Records from a data collection
—————

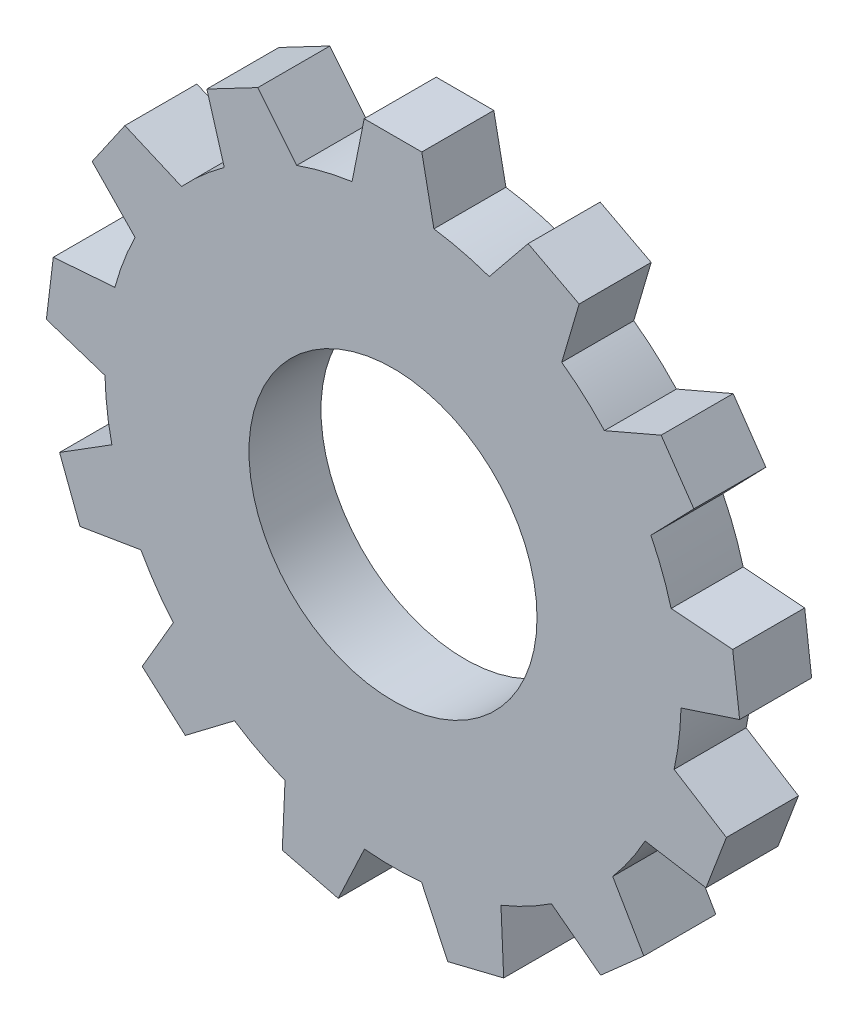
from build123d import *

# Parameters (mm, degrees)
SKETCH1_R           = 12.7
SKETCH1_R_2         = 6.35
BOSS_EXTRUDE1_DEPTH = 3.175
BOSS_EXTRUDE2_DEPTH = 3.175
CIRPATTERN1_COUNT   = 13


with BuildPart() as part:
    # Sketch1 → Boss-Extrude1 (new body)
    with BuildSketch(Plane.XY):
        Circle(SKETCH1_R)
        Circle(SKETCH1_R_2, mode=Mode.SUBTRACT)
    extrude(amount=BOSS_EXTRUDE1_DEPTH)

    # Sketch2 → Boss-Extrude2 (add)
    with BuildSketch(Plane.XY):
        Polygon((-1.27, 15.24), (1.27, 15.24), (1.905, 12.065), (-1.905, 12.065), align=None)
    boss_extrude2 = extrude(amount=BOSS_EXTRUDE2_DEPTH)

    # CirPattern1: Boss-Extrude2 ×13 about axis
    cirpattern1_axis = Axis((0, 0, 0), (0, 0, 1))
    for i in range(1, CIRPATTERN1_COUNT):
        add(boss_extrude2.rotate(cirpattern1_axis, i * 360 / CIRPATTERN1_COUNT))


solid = part.part

—————

* [Task goal]
Determine the number of lines in the data that include the word "amount", and provide that number without comment.

* [Answer to the problem]
2